(Task prompt):
Go through the data below. List every line that holds the word "Commit".

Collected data
--- --- ---

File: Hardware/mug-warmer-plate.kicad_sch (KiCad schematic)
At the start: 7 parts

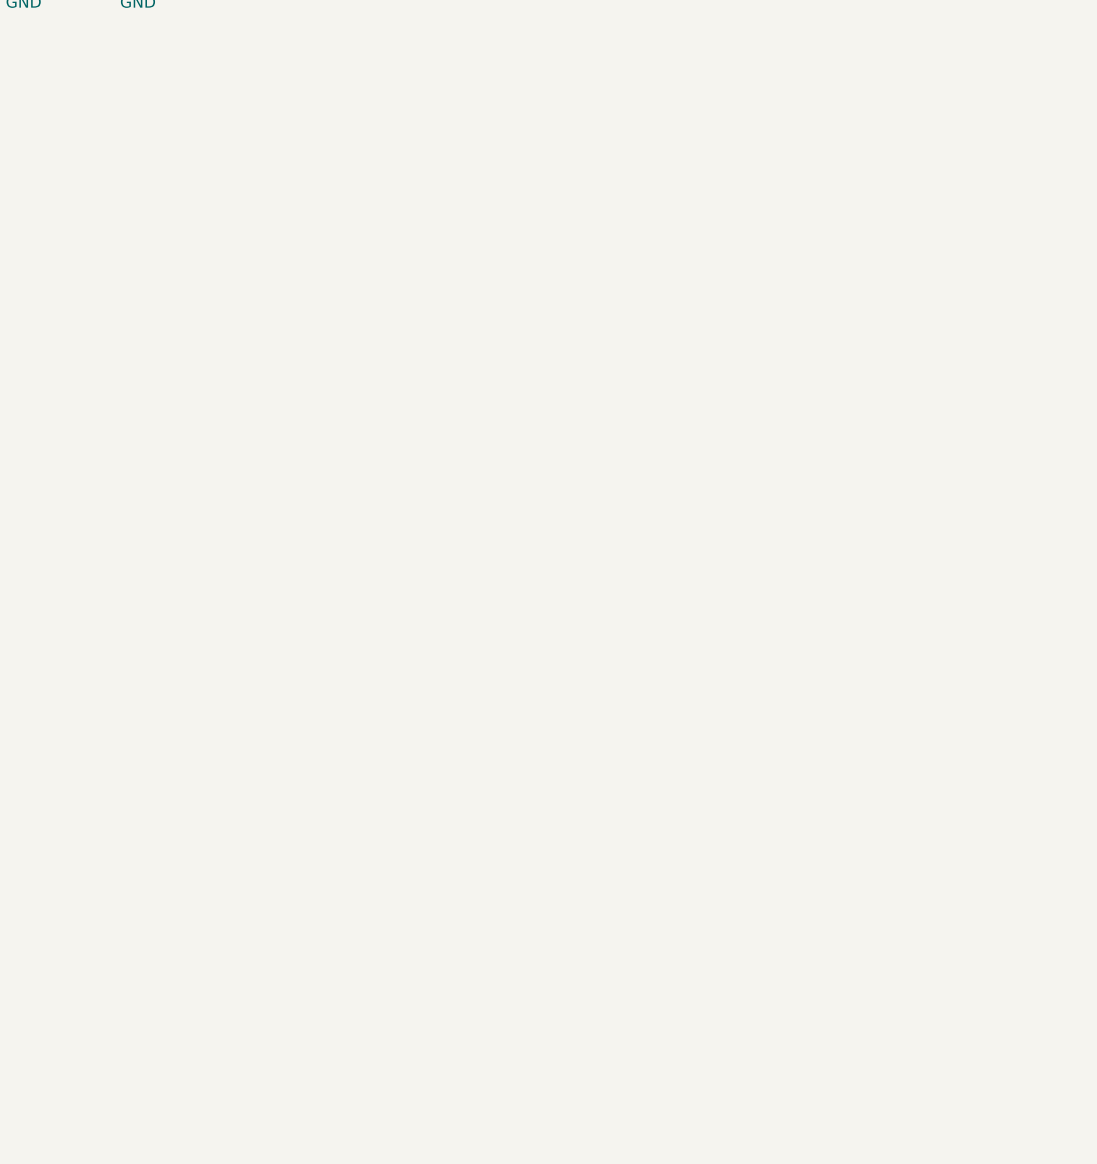
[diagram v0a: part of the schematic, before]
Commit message: Added microprocessor block
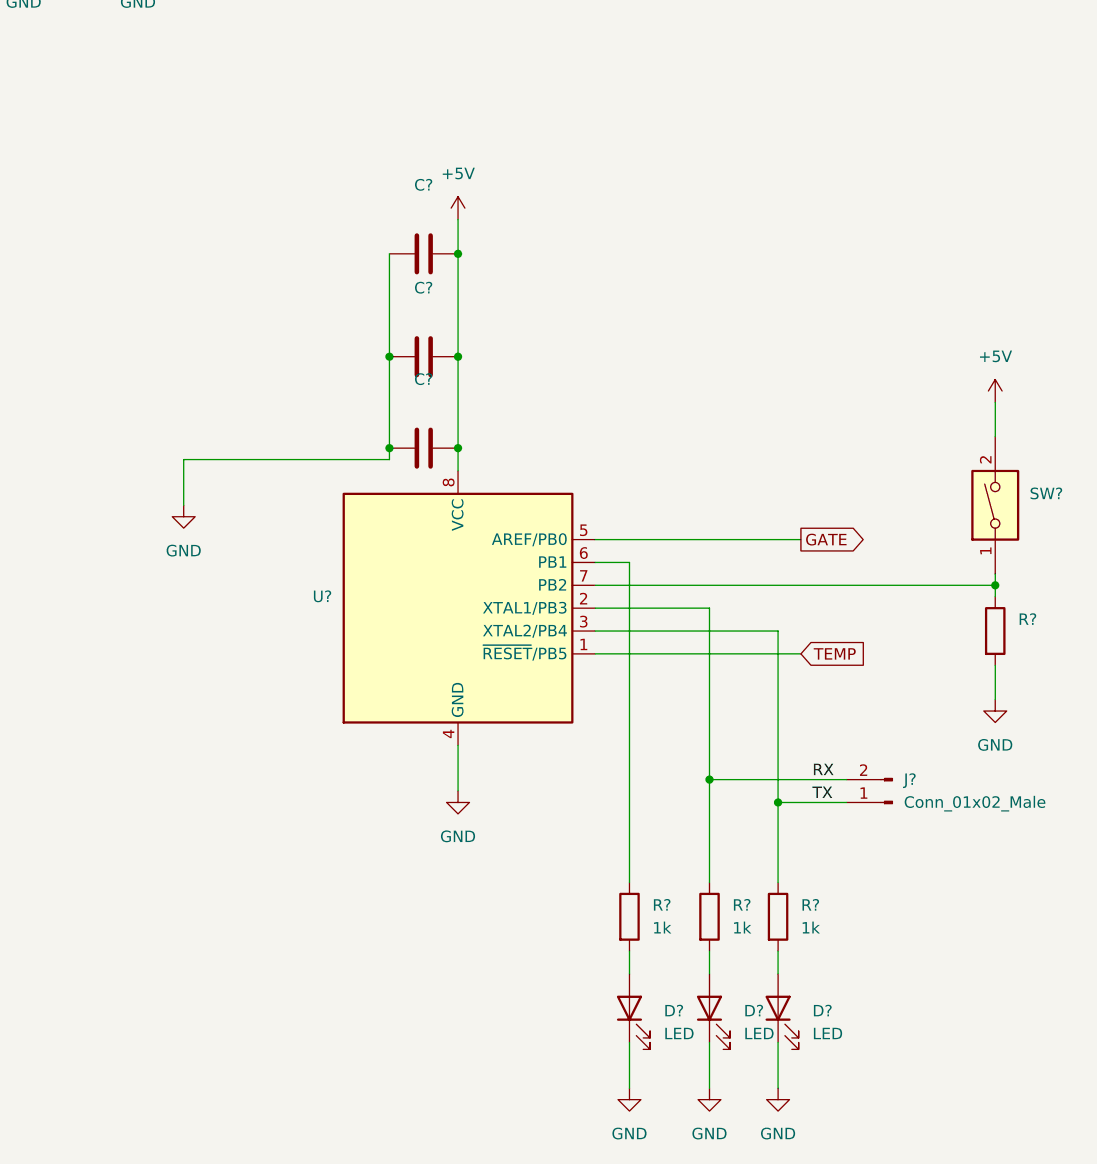
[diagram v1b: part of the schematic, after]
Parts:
- added C? (x3): (no value), symbol Device:C
- added D? (x3): LED, symbol Device:LED
- added J?: Conn_01x02_Male, symbol Connector:Conn_01x02_Male
- added R? (x3): 1k, symbol Device:R
- added R?: (no value), symbol Device:R
- added SW?: (no value), symbol Switch:SW_DIP_x01
- added U?: (no value), symbol MCU_Microchip_ATtiny:ATtiny85-20P
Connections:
- net +5V: now also C?.2, C?.2, C?.2, SW?.2, U?.8 (VCC)
- net GND: now also C?.1, C?.1, C?.1, D?.1 (K), D?.1 (K), D?.1 (K), R?.2, U?.4 (GND)
- new net: R?.1, U?.6 (PB1)
- new net: R?.1, SW?.1, U?.7 (PB2)
- new net: D?.2 (A), R?.2 (x3)
- new net GATE: U?.5 (AREF/PB0)
- new net RX: J?.2 (Pin_2), R?.1, U?.2 (XTAL1/PB3)
- new net TEMP: U?.1 (~{RESET}/PB5)
- new net TX: J?.1 (Pin_1), R?.1, U?.3 (XTAL2/PB4)

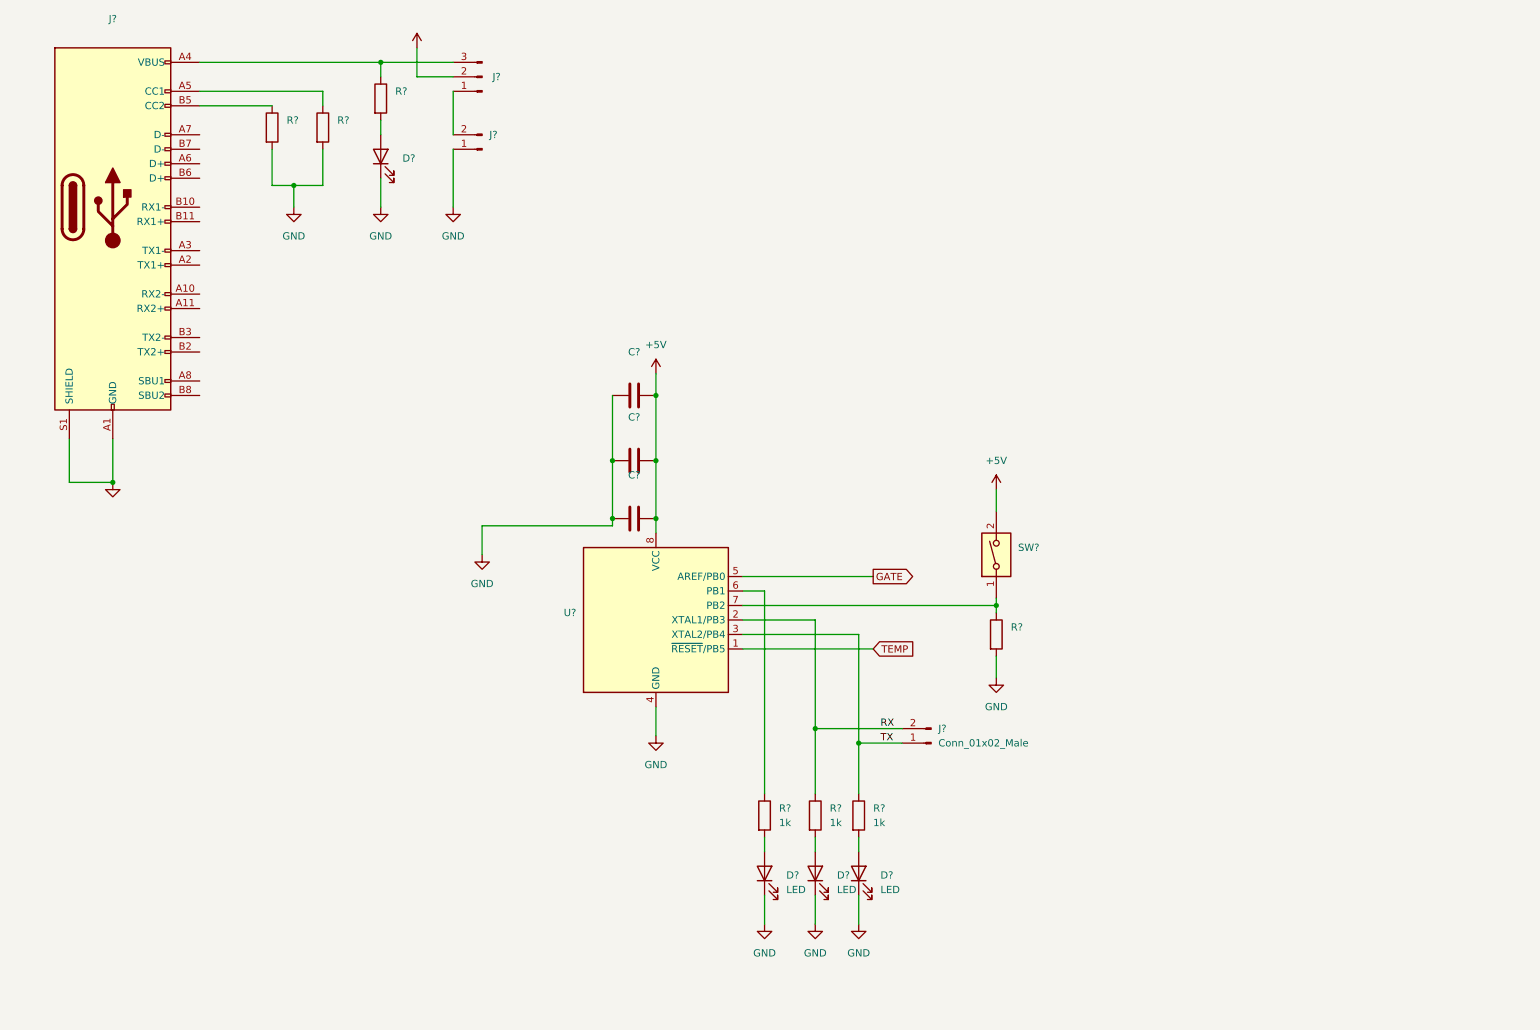
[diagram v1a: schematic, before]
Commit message: Completed circuit schematic
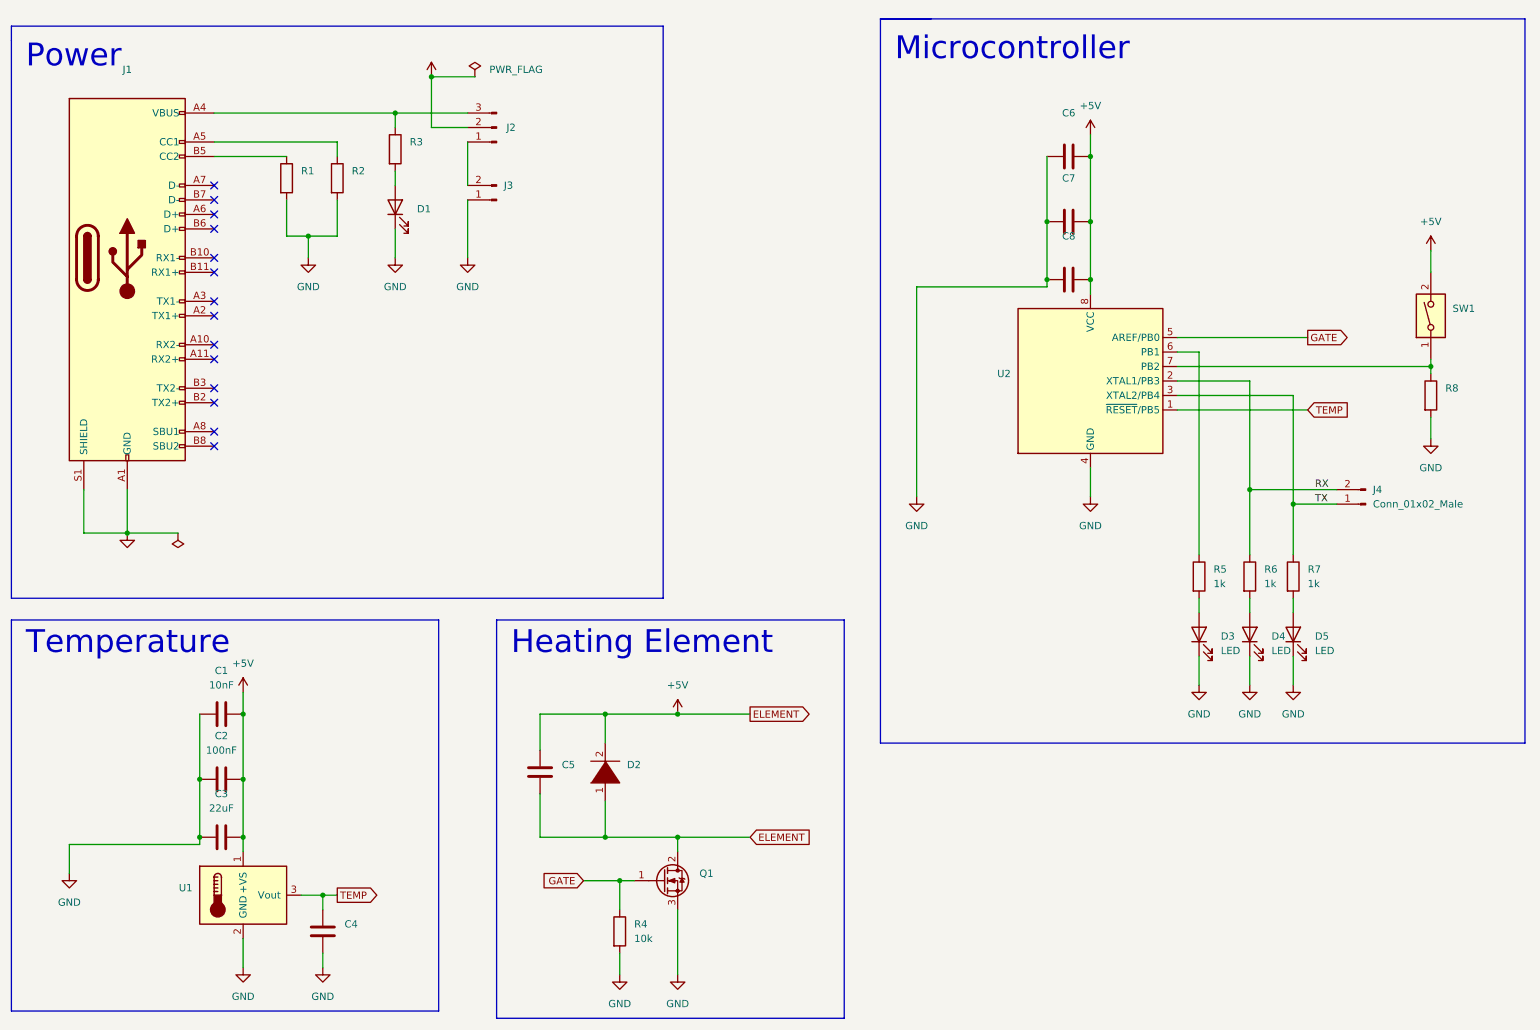
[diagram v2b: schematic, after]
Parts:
- added C1: 10nF, symbol Device:C
- added C2: 100nF, symbol Device:C
- added C3: 22uF, symbol Device:C
- added C4, C5: (no value), symbol Device:C
- added D2: (no value), symbol pspice:DIODE
- added Q1: (no value), symbol Transistor_FET:IRLZ44N
- added R4: 10k, symbol Device:R
- added U1: (no value), symbol Sensor_Temperature:LM35-NEB
- gave numbers to parts that had none: 20
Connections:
- net +5V: now also C1.2, C2.2, C3.2, C5.1, C5.2, D2.1 (K), D2.2 (A), Q1.2 (D), U1.1 (+VS)
- net GATE: now also Q1.1 (G), R4.1
- net GND: now also C1.1, C2.1, C3.1, C4.1, Q1.3 (S), R4.2, U1.2 (GND)
- net TEMP: now also C4.2, U1.3 (Vout)
- no-connect marks 0 -> 14
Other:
- note added: "Heating Element"
- note added: "Microcontroller"
- note added: "Power"
- note added: "Temperature"
- moved on the sheet: C6, C7, C8, D1, D3, D4, D5, J1, J2, J3, J4, R1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

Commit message: Replaced 5V pin with testpad
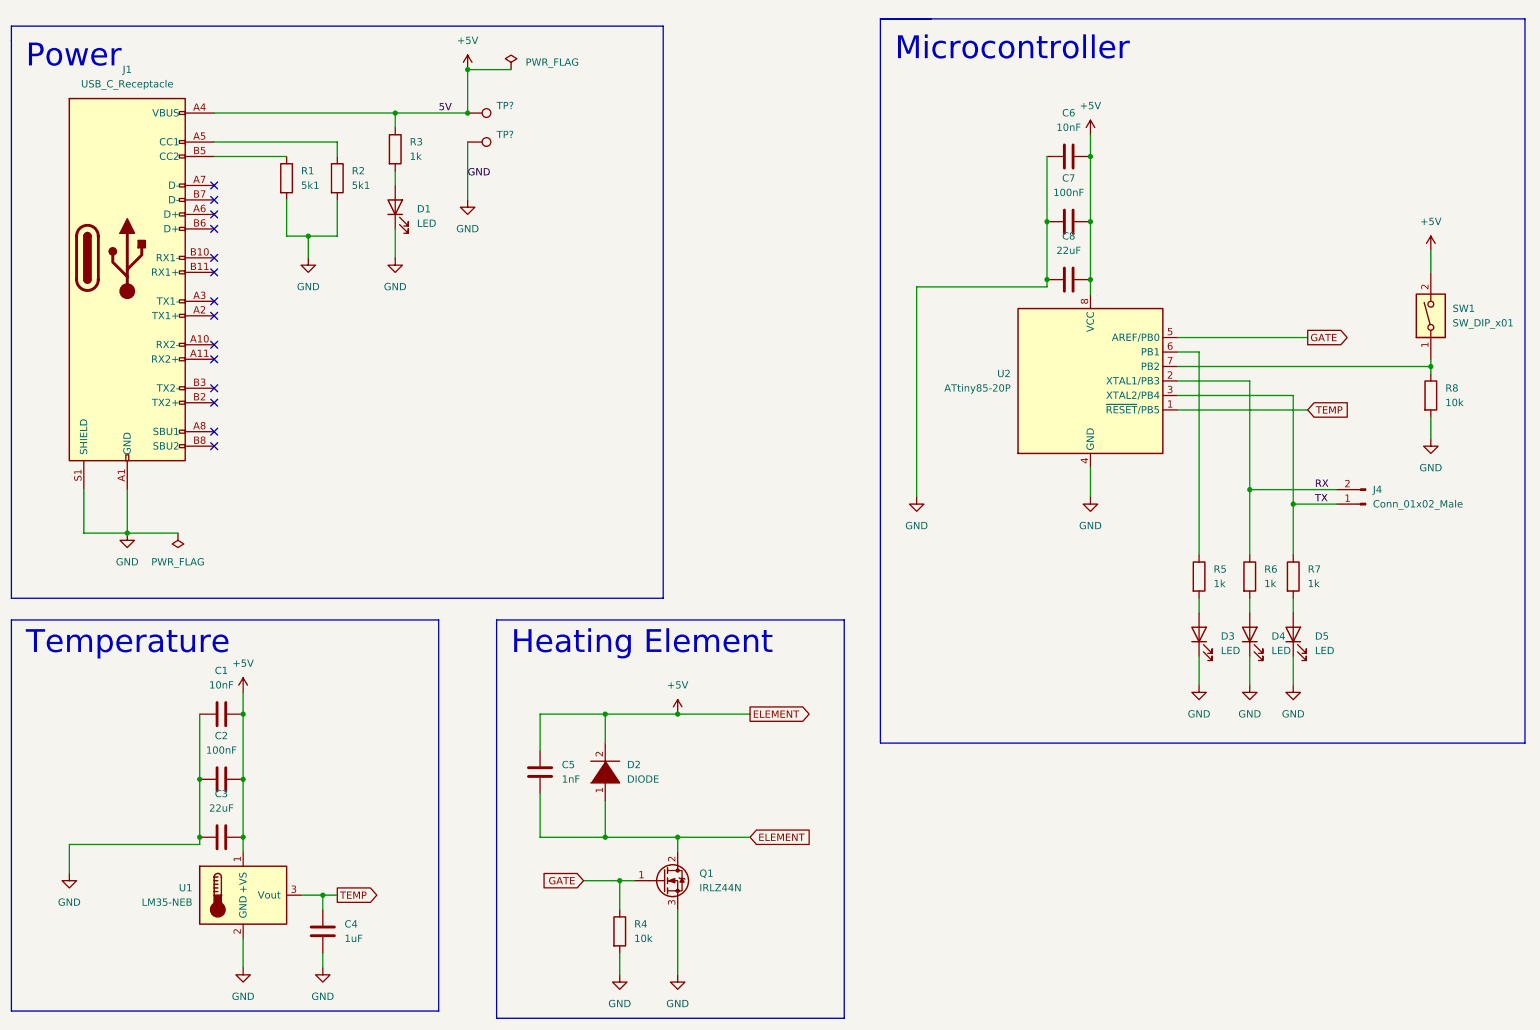
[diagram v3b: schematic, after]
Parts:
- removed J2: (no value), symbol Connector:Conn_01x03_Male
- removed J3: (no value), symbol Connector:Conn_01x02_Male
- added TP? (x2): (no value), symbol Connector:TestPoint
- C4: value (none) -> 1uF
- C5: value (none) -> 1nF
- C6: value (none) -> 10nF
- C7: value (none) -> 100nF
- C8: value (none) -> 22uF
- D1: value (none) -> LED
- D2: value (none) -> DIODE
- J1: value (none) -> USB_C_Receptacle
- Q1: value (none) -> IRLZ44N; footprint (none) -> Package_TO_SOT_THT:TO-220-3_Vertical
- R1, R2: value (none) -> 5k1
- R3: value (none) -> 1k
- R8: value (none) -> 10k
- SW1: value (none) -> SW_DIP_x01
- U1: value (none) -> LM35-NEB
- U2: value (none) -> ATtiny85-20P; footprint (none) -> Package_DIP:DIP-8_W7.62mm
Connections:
- net +5V: now also J1.A4 (VBUS), J1.A9 (VBUS), J1.B4 (VBUS), J1.B9 (VBUS), R3.1, TP?.1
- net GND: now also TP?.1

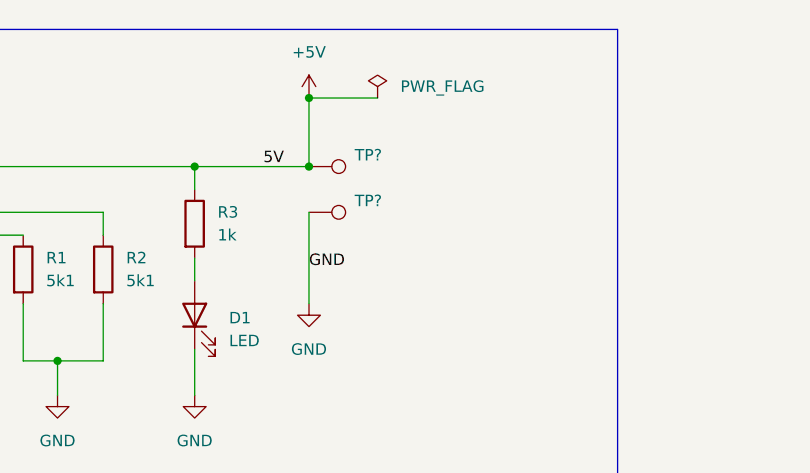
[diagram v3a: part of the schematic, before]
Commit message: Defined all component footprint
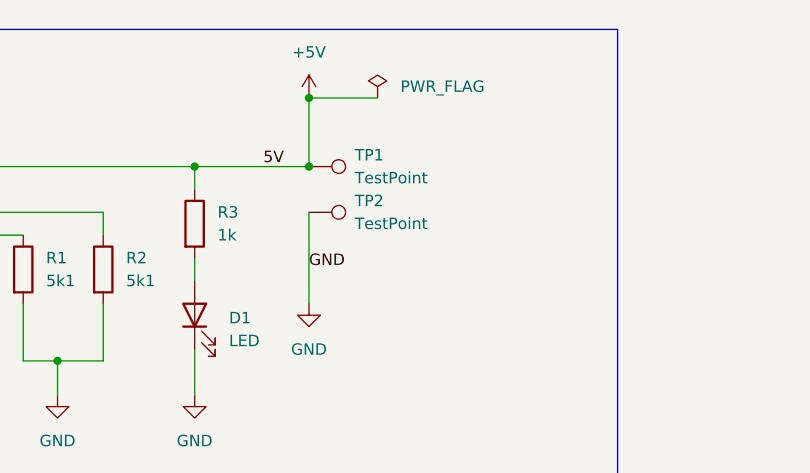
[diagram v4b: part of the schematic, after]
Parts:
- C1, C2, C5, C6, C7: footprint (none) -> Capacitor_THT:C_Disc_D4.3mm_W1.9mm_P5.00mm
- C3, C4, C8: footprint (none) -> Capacitor_THT:C_Radial_D10.0mm_H12.5mm_P5.00mm
- D1, D3, D4, D5: footprint (none) -> LED_THT:LED_D5.0mm
- D2: footprint (none) -> Diode_THT:D_DO-41_SOD81_P7.62mm_Horizontal
- TP1, TP2: renamed from TP?; value (none) -> TestPoint

--- --- ---

(Reply to the task):
Commit message: Added microprocessor block
Commit message: Completed circuit schematic
Commit message: Replaced 5V pin with testpad
Commit message: Defined all component footprint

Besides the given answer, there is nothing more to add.